# AzFS

[![CircleCI](https://circleci.com/gh/gsy0911/azfs.svg?style=svg&circle-token=ccd8e1ece489b247bcaac84861ae725b0f89a605)](https://circleci.com/gh/gsy0911/azfs)
[![codecov](https://codecov.io/gh/gsy0911/azfs/branch/master/graph/badge.svg)](https://codecov.io/gh/gsy0911/azfs)
[![Language grade: Python](https://img.shields.io/lgtm/grade/python/g/gsy0911/azfs.svg?logo=lgtm&logoWidth=18)](https://lgtm.com/projects/g/gsy0911/azfs/context:python)
[![Documentation Status](https://readthedocs.org/projects/azfs/badge/?version=latest)](https://azfs.readthedocs.io/en/latest/?badge=latest)

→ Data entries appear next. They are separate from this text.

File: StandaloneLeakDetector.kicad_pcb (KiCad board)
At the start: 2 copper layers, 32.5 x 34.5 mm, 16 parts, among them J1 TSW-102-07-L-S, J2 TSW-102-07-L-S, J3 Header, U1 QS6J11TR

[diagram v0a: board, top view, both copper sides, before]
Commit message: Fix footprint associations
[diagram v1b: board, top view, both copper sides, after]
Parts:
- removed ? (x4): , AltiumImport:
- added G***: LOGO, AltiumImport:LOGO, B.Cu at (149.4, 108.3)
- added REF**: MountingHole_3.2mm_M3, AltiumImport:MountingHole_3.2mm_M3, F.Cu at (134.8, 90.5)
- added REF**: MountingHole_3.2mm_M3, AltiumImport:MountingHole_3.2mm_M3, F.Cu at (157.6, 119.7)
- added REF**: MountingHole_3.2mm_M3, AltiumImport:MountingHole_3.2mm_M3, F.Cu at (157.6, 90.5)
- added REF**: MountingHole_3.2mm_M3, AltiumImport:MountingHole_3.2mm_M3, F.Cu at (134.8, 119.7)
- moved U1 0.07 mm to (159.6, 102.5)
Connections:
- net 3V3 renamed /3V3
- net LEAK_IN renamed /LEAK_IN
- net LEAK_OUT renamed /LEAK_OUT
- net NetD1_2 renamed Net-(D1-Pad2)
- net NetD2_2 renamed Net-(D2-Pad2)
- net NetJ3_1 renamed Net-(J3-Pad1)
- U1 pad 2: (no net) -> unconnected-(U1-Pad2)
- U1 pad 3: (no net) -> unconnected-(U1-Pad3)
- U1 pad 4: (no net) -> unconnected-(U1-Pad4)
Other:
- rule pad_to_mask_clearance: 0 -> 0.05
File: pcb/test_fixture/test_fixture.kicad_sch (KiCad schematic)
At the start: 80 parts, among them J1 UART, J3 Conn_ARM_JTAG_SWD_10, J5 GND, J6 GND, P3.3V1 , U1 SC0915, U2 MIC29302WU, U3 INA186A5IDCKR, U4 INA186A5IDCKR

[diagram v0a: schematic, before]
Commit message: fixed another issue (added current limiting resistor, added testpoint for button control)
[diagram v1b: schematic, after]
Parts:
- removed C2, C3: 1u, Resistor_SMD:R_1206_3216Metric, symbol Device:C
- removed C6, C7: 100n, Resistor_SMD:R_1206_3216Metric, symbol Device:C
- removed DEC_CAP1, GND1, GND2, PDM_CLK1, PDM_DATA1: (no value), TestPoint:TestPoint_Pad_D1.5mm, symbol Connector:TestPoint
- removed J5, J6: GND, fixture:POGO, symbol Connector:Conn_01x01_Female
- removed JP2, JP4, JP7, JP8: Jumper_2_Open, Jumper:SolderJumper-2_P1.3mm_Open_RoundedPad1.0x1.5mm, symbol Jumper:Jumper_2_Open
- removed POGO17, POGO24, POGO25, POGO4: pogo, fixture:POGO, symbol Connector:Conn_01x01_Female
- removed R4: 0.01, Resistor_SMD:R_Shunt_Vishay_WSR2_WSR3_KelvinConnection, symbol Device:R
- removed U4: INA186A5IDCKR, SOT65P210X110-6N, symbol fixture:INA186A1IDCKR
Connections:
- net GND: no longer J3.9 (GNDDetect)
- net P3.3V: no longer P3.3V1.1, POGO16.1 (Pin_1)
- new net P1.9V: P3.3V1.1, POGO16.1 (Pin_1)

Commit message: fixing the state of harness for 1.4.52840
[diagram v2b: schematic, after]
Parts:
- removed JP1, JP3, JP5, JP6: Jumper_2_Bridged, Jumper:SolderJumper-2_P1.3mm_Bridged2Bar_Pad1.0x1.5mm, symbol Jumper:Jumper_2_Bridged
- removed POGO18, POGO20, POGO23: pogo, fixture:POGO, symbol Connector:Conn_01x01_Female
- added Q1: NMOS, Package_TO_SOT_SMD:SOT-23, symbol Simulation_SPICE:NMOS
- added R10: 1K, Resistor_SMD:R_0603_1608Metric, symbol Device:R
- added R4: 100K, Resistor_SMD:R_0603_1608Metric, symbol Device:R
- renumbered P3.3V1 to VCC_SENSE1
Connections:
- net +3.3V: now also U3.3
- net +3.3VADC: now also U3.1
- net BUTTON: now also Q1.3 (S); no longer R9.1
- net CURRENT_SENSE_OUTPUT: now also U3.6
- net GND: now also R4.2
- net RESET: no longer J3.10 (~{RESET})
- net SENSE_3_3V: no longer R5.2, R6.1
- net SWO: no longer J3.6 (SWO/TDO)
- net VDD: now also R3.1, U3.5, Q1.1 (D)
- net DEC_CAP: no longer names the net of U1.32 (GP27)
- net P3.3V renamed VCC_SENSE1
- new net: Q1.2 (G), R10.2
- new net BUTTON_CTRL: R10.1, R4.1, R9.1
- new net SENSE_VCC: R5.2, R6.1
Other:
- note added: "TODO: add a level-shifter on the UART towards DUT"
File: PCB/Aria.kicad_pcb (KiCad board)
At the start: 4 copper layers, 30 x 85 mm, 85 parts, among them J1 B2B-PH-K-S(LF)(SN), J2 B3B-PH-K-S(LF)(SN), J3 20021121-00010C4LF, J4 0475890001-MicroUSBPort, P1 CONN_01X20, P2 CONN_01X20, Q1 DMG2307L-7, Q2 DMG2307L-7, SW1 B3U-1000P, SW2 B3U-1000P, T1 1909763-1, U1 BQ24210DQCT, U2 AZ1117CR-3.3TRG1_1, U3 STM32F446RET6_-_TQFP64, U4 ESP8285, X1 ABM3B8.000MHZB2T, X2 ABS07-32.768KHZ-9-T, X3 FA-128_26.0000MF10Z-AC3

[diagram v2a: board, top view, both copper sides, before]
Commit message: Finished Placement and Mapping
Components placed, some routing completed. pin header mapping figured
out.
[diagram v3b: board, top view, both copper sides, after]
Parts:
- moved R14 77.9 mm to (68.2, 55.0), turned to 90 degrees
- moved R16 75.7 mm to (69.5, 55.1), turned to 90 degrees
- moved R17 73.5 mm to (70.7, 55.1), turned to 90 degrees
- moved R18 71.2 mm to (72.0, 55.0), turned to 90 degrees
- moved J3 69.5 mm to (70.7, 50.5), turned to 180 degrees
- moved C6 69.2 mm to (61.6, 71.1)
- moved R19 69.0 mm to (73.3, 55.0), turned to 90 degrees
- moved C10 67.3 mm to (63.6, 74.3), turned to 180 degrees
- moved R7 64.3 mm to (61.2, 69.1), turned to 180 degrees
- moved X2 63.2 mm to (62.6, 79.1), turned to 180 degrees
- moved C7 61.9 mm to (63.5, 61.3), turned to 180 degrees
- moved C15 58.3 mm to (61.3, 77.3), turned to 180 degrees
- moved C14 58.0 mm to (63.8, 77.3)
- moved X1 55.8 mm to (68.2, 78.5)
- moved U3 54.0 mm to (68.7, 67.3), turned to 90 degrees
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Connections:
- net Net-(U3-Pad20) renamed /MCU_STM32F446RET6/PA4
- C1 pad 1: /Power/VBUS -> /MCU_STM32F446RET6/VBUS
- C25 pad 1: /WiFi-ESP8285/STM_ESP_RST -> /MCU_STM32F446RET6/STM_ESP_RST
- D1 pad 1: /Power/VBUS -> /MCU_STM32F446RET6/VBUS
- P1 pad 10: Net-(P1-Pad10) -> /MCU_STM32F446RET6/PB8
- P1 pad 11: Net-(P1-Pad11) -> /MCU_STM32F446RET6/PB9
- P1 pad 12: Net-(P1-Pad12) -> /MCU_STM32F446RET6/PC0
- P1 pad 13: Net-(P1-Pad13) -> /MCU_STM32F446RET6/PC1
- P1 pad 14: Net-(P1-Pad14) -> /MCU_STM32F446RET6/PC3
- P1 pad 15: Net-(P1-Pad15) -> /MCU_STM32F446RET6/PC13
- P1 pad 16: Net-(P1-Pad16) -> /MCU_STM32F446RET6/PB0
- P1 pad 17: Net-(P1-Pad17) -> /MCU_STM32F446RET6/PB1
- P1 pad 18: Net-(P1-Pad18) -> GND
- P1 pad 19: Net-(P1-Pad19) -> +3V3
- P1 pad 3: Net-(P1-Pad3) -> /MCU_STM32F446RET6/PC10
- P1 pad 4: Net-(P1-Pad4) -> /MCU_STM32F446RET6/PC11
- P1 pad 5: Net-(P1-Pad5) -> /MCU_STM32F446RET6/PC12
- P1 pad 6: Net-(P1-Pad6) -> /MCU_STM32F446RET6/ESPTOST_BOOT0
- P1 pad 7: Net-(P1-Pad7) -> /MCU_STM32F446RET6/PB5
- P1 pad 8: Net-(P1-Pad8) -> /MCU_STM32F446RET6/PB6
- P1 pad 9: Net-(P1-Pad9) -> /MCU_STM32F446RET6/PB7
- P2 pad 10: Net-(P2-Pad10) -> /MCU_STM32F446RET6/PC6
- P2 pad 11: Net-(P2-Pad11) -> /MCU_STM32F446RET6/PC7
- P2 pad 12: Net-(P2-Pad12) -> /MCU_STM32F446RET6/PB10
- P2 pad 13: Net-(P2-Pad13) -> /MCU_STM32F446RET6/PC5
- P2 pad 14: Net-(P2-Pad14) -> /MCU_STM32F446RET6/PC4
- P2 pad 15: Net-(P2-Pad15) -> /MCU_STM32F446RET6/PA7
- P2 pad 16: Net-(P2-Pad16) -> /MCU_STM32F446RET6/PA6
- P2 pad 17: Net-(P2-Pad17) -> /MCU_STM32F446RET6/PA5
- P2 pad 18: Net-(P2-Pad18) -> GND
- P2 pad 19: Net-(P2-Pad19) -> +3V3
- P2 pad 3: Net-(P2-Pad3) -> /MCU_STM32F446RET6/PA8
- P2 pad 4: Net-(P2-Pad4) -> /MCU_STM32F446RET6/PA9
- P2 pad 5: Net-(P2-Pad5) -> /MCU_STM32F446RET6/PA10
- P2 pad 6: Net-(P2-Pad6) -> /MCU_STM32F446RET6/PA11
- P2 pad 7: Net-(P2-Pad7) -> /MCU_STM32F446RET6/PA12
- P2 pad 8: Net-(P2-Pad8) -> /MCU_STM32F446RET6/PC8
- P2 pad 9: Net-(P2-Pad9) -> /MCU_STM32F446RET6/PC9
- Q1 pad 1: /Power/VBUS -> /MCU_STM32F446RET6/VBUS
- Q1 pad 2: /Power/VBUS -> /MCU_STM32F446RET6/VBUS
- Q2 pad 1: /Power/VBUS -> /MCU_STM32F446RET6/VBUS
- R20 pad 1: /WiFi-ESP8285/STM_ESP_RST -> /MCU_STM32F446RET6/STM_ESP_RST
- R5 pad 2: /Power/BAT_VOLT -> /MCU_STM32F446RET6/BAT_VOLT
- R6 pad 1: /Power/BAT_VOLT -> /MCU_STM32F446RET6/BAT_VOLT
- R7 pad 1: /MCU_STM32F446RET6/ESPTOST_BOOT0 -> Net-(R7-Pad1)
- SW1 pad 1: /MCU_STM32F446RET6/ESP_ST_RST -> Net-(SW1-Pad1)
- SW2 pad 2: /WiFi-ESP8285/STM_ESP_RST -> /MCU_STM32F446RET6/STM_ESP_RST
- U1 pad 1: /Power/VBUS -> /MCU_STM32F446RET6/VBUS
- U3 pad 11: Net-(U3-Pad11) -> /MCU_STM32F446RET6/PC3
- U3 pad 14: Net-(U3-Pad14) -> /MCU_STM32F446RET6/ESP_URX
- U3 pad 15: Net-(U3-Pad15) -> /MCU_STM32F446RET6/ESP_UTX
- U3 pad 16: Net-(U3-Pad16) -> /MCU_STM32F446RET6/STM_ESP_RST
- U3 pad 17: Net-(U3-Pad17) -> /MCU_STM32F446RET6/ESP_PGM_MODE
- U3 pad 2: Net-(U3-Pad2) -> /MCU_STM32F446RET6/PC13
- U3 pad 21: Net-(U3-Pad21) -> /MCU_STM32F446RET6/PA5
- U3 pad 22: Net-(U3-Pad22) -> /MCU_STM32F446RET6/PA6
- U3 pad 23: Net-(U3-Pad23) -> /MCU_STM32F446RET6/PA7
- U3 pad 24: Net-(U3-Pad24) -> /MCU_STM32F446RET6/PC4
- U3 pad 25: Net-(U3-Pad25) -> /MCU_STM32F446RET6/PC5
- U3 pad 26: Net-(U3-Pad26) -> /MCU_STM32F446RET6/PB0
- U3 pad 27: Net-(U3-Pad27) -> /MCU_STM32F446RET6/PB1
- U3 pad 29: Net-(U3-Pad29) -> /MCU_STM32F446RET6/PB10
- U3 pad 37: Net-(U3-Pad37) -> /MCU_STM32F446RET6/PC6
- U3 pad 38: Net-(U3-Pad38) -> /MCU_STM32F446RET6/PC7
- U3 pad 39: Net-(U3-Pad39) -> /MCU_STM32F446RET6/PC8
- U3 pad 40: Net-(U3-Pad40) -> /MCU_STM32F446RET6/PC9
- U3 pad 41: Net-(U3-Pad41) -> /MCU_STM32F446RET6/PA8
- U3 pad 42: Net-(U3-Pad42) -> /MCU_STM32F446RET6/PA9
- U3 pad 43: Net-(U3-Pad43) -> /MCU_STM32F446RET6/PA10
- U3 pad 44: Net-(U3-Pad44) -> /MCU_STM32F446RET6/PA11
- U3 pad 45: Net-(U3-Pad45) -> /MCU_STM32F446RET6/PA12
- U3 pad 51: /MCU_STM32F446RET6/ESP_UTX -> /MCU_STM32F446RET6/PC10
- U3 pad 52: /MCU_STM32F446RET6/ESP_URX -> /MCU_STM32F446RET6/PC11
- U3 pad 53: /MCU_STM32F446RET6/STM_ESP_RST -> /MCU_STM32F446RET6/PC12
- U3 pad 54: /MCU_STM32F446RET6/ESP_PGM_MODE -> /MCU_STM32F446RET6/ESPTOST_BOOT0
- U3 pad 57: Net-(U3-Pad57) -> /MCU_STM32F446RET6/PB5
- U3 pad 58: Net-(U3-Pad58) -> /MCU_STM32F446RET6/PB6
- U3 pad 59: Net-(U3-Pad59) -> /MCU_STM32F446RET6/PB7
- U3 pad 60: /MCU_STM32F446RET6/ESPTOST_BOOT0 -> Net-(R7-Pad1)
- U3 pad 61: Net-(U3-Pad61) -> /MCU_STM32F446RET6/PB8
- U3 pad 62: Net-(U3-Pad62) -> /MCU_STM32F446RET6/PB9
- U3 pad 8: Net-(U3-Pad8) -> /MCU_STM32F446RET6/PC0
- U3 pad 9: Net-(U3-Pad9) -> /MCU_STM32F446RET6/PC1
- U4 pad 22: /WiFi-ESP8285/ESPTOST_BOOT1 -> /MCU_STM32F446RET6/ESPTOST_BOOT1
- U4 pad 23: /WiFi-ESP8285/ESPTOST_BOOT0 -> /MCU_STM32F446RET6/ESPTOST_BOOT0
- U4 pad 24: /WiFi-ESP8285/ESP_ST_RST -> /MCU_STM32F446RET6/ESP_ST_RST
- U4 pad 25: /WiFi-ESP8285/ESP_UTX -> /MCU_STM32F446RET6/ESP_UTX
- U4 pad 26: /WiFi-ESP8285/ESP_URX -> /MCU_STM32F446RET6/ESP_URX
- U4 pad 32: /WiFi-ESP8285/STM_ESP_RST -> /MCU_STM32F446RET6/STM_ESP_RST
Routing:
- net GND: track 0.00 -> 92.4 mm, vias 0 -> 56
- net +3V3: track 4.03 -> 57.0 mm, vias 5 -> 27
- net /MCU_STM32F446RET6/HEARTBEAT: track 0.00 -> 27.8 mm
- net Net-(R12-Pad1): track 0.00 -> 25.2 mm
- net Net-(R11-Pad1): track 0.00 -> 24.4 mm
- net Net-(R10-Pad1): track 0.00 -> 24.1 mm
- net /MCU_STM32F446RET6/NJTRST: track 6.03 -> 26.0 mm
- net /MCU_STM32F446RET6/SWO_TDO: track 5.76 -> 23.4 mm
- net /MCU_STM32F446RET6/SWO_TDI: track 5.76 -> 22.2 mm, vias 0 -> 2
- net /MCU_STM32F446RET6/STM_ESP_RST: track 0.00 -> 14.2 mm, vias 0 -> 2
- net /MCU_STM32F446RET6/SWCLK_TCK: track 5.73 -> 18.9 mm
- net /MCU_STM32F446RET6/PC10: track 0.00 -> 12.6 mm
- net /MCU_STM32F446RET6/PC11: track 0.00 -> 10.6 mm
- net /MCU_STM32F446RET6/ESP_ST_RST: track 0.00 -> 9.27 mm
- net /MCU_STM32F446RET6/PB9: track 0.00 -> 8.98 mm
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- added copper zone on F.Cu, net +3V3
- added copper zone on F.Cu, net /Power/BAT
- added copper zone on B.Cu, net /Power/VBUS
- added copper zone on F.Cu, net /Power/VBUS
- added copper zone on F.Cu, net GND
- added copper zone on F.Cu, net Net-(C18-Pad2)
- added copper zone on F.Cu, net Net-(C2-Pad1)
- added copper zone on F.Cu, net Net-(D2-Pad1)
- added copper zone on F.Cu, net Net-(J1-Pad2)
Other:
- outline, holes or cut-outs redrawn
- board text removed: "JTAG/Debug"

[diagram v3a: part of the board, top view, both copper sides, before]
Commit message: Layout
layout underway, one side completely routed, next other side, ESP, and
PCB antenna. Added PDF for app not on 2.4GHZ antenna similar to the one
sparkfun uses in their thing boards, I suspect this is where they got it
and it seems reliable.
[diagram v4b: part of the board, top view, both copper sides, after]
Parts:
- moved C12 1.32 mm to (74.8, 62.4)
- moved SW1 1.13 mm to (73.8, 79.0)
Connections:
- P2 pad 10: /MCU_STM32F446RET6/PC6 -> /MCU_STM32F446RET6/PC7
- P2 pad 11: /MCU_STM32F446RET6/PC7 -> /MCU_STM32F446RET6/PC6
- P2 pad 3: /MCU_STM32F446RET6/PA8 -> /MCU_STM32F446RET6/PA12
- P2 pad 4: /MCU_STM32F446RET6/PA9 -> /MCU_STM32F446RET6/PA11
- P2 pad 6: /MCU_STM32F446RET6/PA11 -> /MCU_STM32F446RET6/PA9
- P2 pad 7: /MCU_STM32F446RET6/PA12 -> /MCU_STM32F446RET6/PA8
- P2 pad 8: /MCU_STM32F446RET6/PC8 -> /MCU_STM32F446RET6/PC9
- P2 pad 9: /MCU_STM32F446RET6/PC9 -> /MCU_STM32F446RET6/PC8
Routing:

[![PythonVersion](https://img.shields.io/badge/python-3.6|3.7|3.8-blue.svg)](https://www.python.org/downloads/release/python-377/)
[![PiPY](https://img.shields.io/badge/pypi-0.2.1-blue.svg)](https://pypi.org/project/azfs/)
[![Downloads](https://pepy.tech/badge/azfs)](https://pepy.tech/project/azfs) 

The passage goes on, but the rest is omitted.